Second, the commissioner’s representative found that relator’s action violated the policy regarding teacher/student ratio, which was contrary to WAU’s interests. Relator contends that the volunteer qualified as an aide in computing the teacher/student ratio and that the policy was not uniformly enforced by WAU. Relator’s supervisor testified that she told the entire staff, including relator, that the volunteer in question did not qualify as an aide who would count for purposes of the ratio.
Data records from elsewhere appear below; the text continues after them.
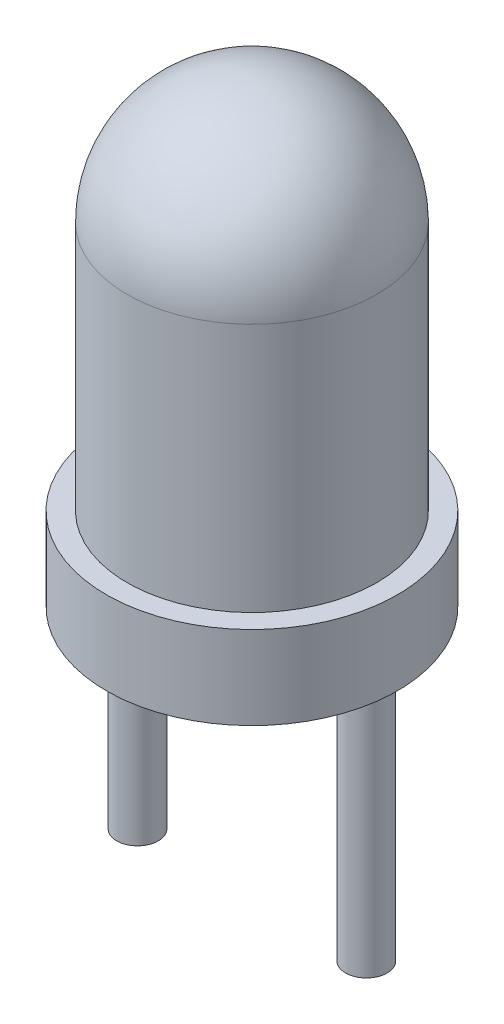
ISO-10303-21;
HEADER;
FILE_DESCRIPTION(('STEP AP214'),'2;1');
FILE_NAME('part.step','',(''),(''),'','','');
FILE_SCHEMA(('AUTOMOTIVE_DESIGN { 1 0 10303 214 1 1 1 1 }'));
ENDSEC;
DATA;
#1=APPLICATION_CONTEXT('core data for automotive mechanical design processes');
#2=APPLICATION_PROTOCOL_DEFINITION('international standard','automotive_design',2000,#1);
#3=PRODUCT_CONTEXT('',#1,'mechanical');
#4=PRODUCT('Part','Part','',(#3));
#5=PRODUCT_RELATED_PRODUCT_CATEGORY('part','',(#4));
#6=PRODUCT_DEFINITION_FORMATION('','',#4);
#7=PRODUCT_DEFINITION_CONTEXT('part definition',#1,'design');
#8=PRODUCT_DEFINITION('design','',#6,#7);
#9=PRODUCT_DEFINITION_SHAPE('','',#8);
#10=(LENGTH_UNIT() NAMED_UNIT(*) SI_UNIT(.MILLI.,.METRE.));
#11=(NAMED_UNIT(*) PLANE_ANGLE_UNIT() SI_UNIT($,.RADIAN.));
#12=(NAMED_UNIT(*) SI_UNIT($,.STERADIAN.) SOLID_ANGLE_UNIT());
#13=UNCERTAINTY_MEASURE_WITH_UNIT(LENGTH_MEASURE(1.E-05),#10,'distance_accuracy_value','');
#14=(GEOMETRIC_REPRESENTATION_CONTEXT(3) GLOBAL_UNCERTAINTY_ASSIGNED_CONTEXT((#13)) GLOBAL_UNIT_ASSIGNED_CONTEXT((#10,
#11,#12)) REPRESENTATION_CONTEXT('',''));
#15=CARTESIAN_POINT('',(0.,0.,0.));
#16=DIRECTION('',(0.,0.,1.));
#17=DIRECTION('',(1.,0.,0.));
#18=AXIS2_PLACEMENT_3D('',#15,#16,#17);
#19=CARTESIAN_POINT('',(0.,0.,0.));
#20=DIRECTION('',(0.,-1.,0.));
#21=DIRECTION('',(1.,0.,0.));
#22=AXIS2_PLACEMENT_3D('',#19,#20,#21);
#23=PLANE('',#22);
#24=CARTESIAN_POINT('',(-1.375,0.,0.));
#25=DIRECTION('',(0.,-1.,0.));
#26=DIRECTION('',(1.,0.,0.));
#27=AXIS2_PLACEMENT_3D('',#24,#25,#26);
#28=CIRCLE('',#27,0.25);
#29=CARTESIAN_POINT('',(-1.125,0.,0.));
#30=VERTEX_POINT('',#29);
#31=EDGE_CURVE('E53',#30,#30,#28,.T.);
#32=ORIENTED_EDGE('',*,*,#31,.F.);
#33=EDGE_LOOP('',(#32));
#34=FACE_BOUND('',#33,.T.);
#35=CARTESIAN_POINT('',(0.,0.,0.));
#36=DIRECTION('',(0.,1.,0.));
#37=DIRECTION('',(-1.,0.,0.));
#38=AXIS2_PLACEMENT_3D('',#35,#36,#37);
#39=CIRCLE('',#38,1.75);
#40=CARTESIAN_POINT('',(-1.75,0.,0.));
#41=VERTEX_POINT('',#40);
#42=EDGE_CURVE('E10',#41,#41,#39,.T.);
#43=ORIENTED_EDGE('',*,*,#42,.F.);
#44=EDGE_LOOP('',(#43));
#45=FACE_BOUND('',#44,.T.);
#46=CARTESIAN_POINT('',(1.375,0.,0.));
#47=DIRECTION('',(0.,-1.,0.));
#48=DIRECTION('',(1.,0.,0.));
#49=AXIS2_PLACEMENT_3D('',#46,#47,#48);
#50=CIRCLE('',#49,0.25);
#51=CARTESIAN_POINT('',(1.625,0.,0.));
#52=VERTEX_POINT('',#51);
#53=EDGE_CURVE('E59',#52,#52,#50,.T.);
#54=ORIENTED_EDGE('',*,*,#53,.F.);
#55=EDGE_LOOP('',(#54));
#56=FACE_BOUND('',#55,.T.);
#57=ADVANCED_FACE('F33',(#34,#45,#56),#23,.T.);
#58=CARTESIAN_POINT('',(0.,5.5,0.));
#59=DIRECTION('',(0.,1.,0.));
#60=DIRECTION('',(-1.,0.,0.));
#61=AXIS2_PLACEMENT_3D('',#58,#59,#60);
#62=CYLINDRICAL_SURFACE('',#61,1.75);
#63=ORIENTED_EDGE('',*,*,#42,.T.);
#64=EDGE_LOOP('',(#63));
#65=FACE_BOUND('',#64,.T.);
#66=CARTESIAN_POINT('',(0.,1.,0.));
#67=DIRECTION('',(0.,1.,0.));
#68=DIRECTION('',(-1.,0.,0.));
#69=AXIS2_PLACEMENT_3D('',#66,#67,#68);
#70=CIRCLE('',#69,1.75);
#71=CARTESIAN_POINT('',(-1.75,1.,0.));
#72=VERTEX_POINT('',#71);
#73=EDGE_CURVE('E39',#72,#72,#70,.T.);
#74=ORIENTED_EDGE('',*,*,#73,.F.);
#75=EDGE_LOOP('',(#74));
#76=FACE_BOUND('',#75,.T.);
#77=ADVANCED_FACE('F75',(#65,#76),#62,.T.);
#78=CARTESIAN_POINT('',(-1.75,1.,0.));
#79=DIRECTION('',(0.,1.,0.));
#80=DIRECTION('',(-1.,0.,0.));
#81=AXIS2_PLACEMENT_3D('',#78,#79,#80);
#82=PLANE('',#81);
#83=ORIENTED_EDGE('',*,*,#73,.T.);
#84=EDGE_LOOP('',(#83));
#85=FACE_BOUND('',#84,.T.);
#86=CARTESIAN_POINT('',(0.,1.,0.));
#87=DIRECTION('',(0.,1.,0.));
#88=DIRECTION('',(-1.,0.,0.));
#89=AXIS2_PLACEMENT_3D('',#86,#87,#88);
#90=CIRCLE('',#89,1.5);
#91=CARTESIAN_POINT('',(-1.5,1.,0.));
#92=VERTEX_POINT('',#91);
#93=EDGE_CURVE('E43',#92,#92,#90,.T.);
#94=ORIENTED_EDGE('',*,*,#93,.F.);
#95=EDGE_LOOP('',(#94));
#96=FACE_BOUND('',#95,.T.);
#97=ADVANCED_FACE('F80',(#85,#96),#82,.T.);
#98=CARTESIAN_POINT('',(0.,5.5,0.));
#99=DIRECTION('',(0.,1.,0.));
#100=DIRECTION('',(-1.,0.,0.));
#101=AXIS2_PLACEMENT_3D('',#98,#99,#100);
#102=CYLINDRICAL_SURFACE('',#101,1.5);
#103=ORIENTED_EDGE('',*,*,#93,.T.);
#104=EDGE_LOOP('',(#103));
#105=FACE_BOUND('',#104,.T.);
#106=CARTESIAN_POINT('',(0.,4.,0.));
#107=DIRECTION('',(0.,1.,0.));
#108=DIRECTION('',(-1.,0.,0.));
#109=AXIS2_PLACEMENT_3D('',#106,#107,#108);
#110=CIRCLE('',#109,1.5);
#111=CARTESIAN_POINT('',(-1.5,4.,0.));
#112=VERTEX_POINT('',#111);
#113=EDGE_CURVE('E47',#112,#112,#110,.T.);
#114=ORIENTED_EDGE('',*,*,#113,.F.);
#115=EDGE_LOOP('',(#114));
#116=FACE_BOUND('',#115,.T.);
#117=ADVANCED_FACE('F95',(#105,#116),#102,.T.);
#118=CARTESIAN_POINT('',(0.,4.,0.));
#119=DIRECTION('',(0.,1.,0.));
#120=DIRECTION('',(-1.,0.,0.));
#121=AXIS2_PLACEMENT_3D('',#118,#119,#120);
#122=SPHERICAL_SURFACE('',#121,1.5);
#123=ORIENTED_EDGE('',*,*,#113,.T.);
#124=EDGE_LOOP('',(#123));
#125=FACE_BOUND('',#124,.T.);
#126=ADVANCED_FACE('F86',(#125),#122,.T.);
#127=CARTESIAN_POINT('',(-1.375,-3.,0.));
#128=DIRECTION('',(0.,1.,0.));
#129=DIRECTION('',(-1.,0.,0.));
#130=AXIS2_PLACEMENT_3D('',#127,#128,#129);
#131=CYLINDRICAL_SURFACE('',#130,0.25);
#132=CARTESIAN_POINT('',(-1.375,-3.,0.));
#133=DIRECTION('',(0.,-1.,0.));
#134=DIRECTION('',(1.,0.,0.));
#135=AXIS2_PLACEMENT_3D('',#132,#133,#134);
#136=CIRCLE('',#135,0.25);
#137=CARTESIAN_POINT('',(-1.125,-3.,0.));
#138=VERTEX_POINT('',#137);
#139=EDGE_CURVE('E52',#138,#138,#136,.T.);
#140=ORIENTED_EDGE('',*,*,#139,.F.);
#141=EDGE_LOOP('',(#140));
#142=FACE_BOUND('',#141,.T.);
#143=ORIENTED_EDGE('',*,*,#31,.T.);
#144=EDGE_LOOP('',(#143));
#145=FACE_BOUND('',#144,.T.);
#146=ADVANCED_FACE('F84',(#142,#145),#131,.T.);
#147=CARTESIAN_POINT('',(-1.375,-3.,0.));
#148=DIRECTION('',(0.,-1.,0.));
#149=DIRECTION('',(1.,0.,0.));
#150=AXIS2_PLACEMENT_3D('',#147,#148,#149);
#151=PLANE('',#150);
#152=ORIENTED_EDGE('',*,*,#139,.T.);
#153=EDGE_LOOP('',(#152));
#154=FACE_BOUND('',#153,.T.);
#155=ADVANCED_FACE('F70',(#154),#151,.T.);
#156=CARTESIAN_POINT('',(1.375,-3.,0.));
#157=DIRECTION('',(0.,1.,0.));
#158=DIRECTION('',(-1.,0.,0.));
#159=AXIS2_PLACEMENT_3D('',#156,#157,#158);
#160=CYLINDRICAL_SURFACE('',#159,0.25);
#161=CARTESIAN_POINT('',(1.375,-3.,0.));
#162=DIRECTION('',(0.,-1.,0.));
#163=DIRECTION('',(1.,0.,0.));
#164=AXIS2_PLACEMENT_3D('',#161,#162,#163);
#165=CIRCLE('',#164,0.25);
#166=CARTESIAN_POINT('',(1.625,-3.,0.));
#167=VERTEX_POINT('',#166);
#168=EDGE_CURVE('E56',#167,#167,#165,.T.);
#169=ORIENTED_EDGE('',*,*,#168,.F.);
#170=EDGE_LOOP('',(#169));
#171=FACE_BOUND('',#170,.T.);
#172=ORIENTED_EDGE('',*,*,#53,.T.);
#173=EDGE_LOOP('',(#172));
#174=FACE_BOUND('',#173,.T.);
#175=ADVANCED_FACE('F67',(#171,#174),#160,.T.);
#176=CARTESIAN_POINT('',(1.375,-3.,0.));
#177=DIRECTION('',(0.,-1.,0.));
#178=DIRECTION('',(1.,0.,0.));
#179=AXIS2_PLACEMENT_3D('',#176,#177,#178);
#180=PLANE('',#179);
#181=ORIENTED_EDGE('',*,*,#168,.T.);
#182=EDGE_LOOP('',(#181));
#183=FACE_BOUND('',#182,.T.);
#184=ADVANCED_FACE('F65',(#183),#180,.T.);
#185=CLOSED_SHELL('',(#57,#77,#97,#117,#126,#146,#155,#175,#184));
#186=MANIFOLD_SOLID_BREP('B2',#185);
#187=ADVANCED_BREP_SHAPE_REPRESENTATION('',(#18,#186),#14);
#188=SHAPE_DEFINITION_REPRESENTATION(#9,#187);
ENDSEC;
END-ISO-10303-21;

And this testimony was confirmed through the testimony of Dawn Ratajczak, a WAU teacher.
on the evidence in the record, the commissioner’s representative concluded that
relator’s actions constituted employment misconduct because WAU had a right to
expect that relator knew it was a violation of state regulations to leave
with a single teacher. See Minn. Stat. § 268.095, subd. 6 (stating employment misconduct includes “serious violation[s] of the standards of behavior the employer has the right to reasonably expect of the employee”). Because the evidence reasonably tends to sustain the commissioner’s representative’s decision that relator was discharged for misconduct, we affirm.
 The revisor of statutes inadvertently substituted the term “ineligible for” for the term “disqualified from” in Minn. Stat. § 268.095, subds. 1, 4, 7, 8(a) (Supp. 2003). See Minn. Stat. § 268.095, subds. 1, 4, 7, 8(a) (2002) (using term “disqualified from”); 2003 Minn. Laws 1st Spec. Sess. ch. 3, art. 2, § 11 (making other changes to Minn. Stat. § 268.095, subd. 1, but retaining term “disqualified from”); 2003 Minn. Laws 1st Spec. Sess. ch. 3, art. 2, § 20(j), (k) (directing revisor to change the term “disqualified from” to “ineligible for” only in Minn. Stat. § 268.095, subd. 12, and then to renumber to Minn. Stat. § 268.085, subd. 13b).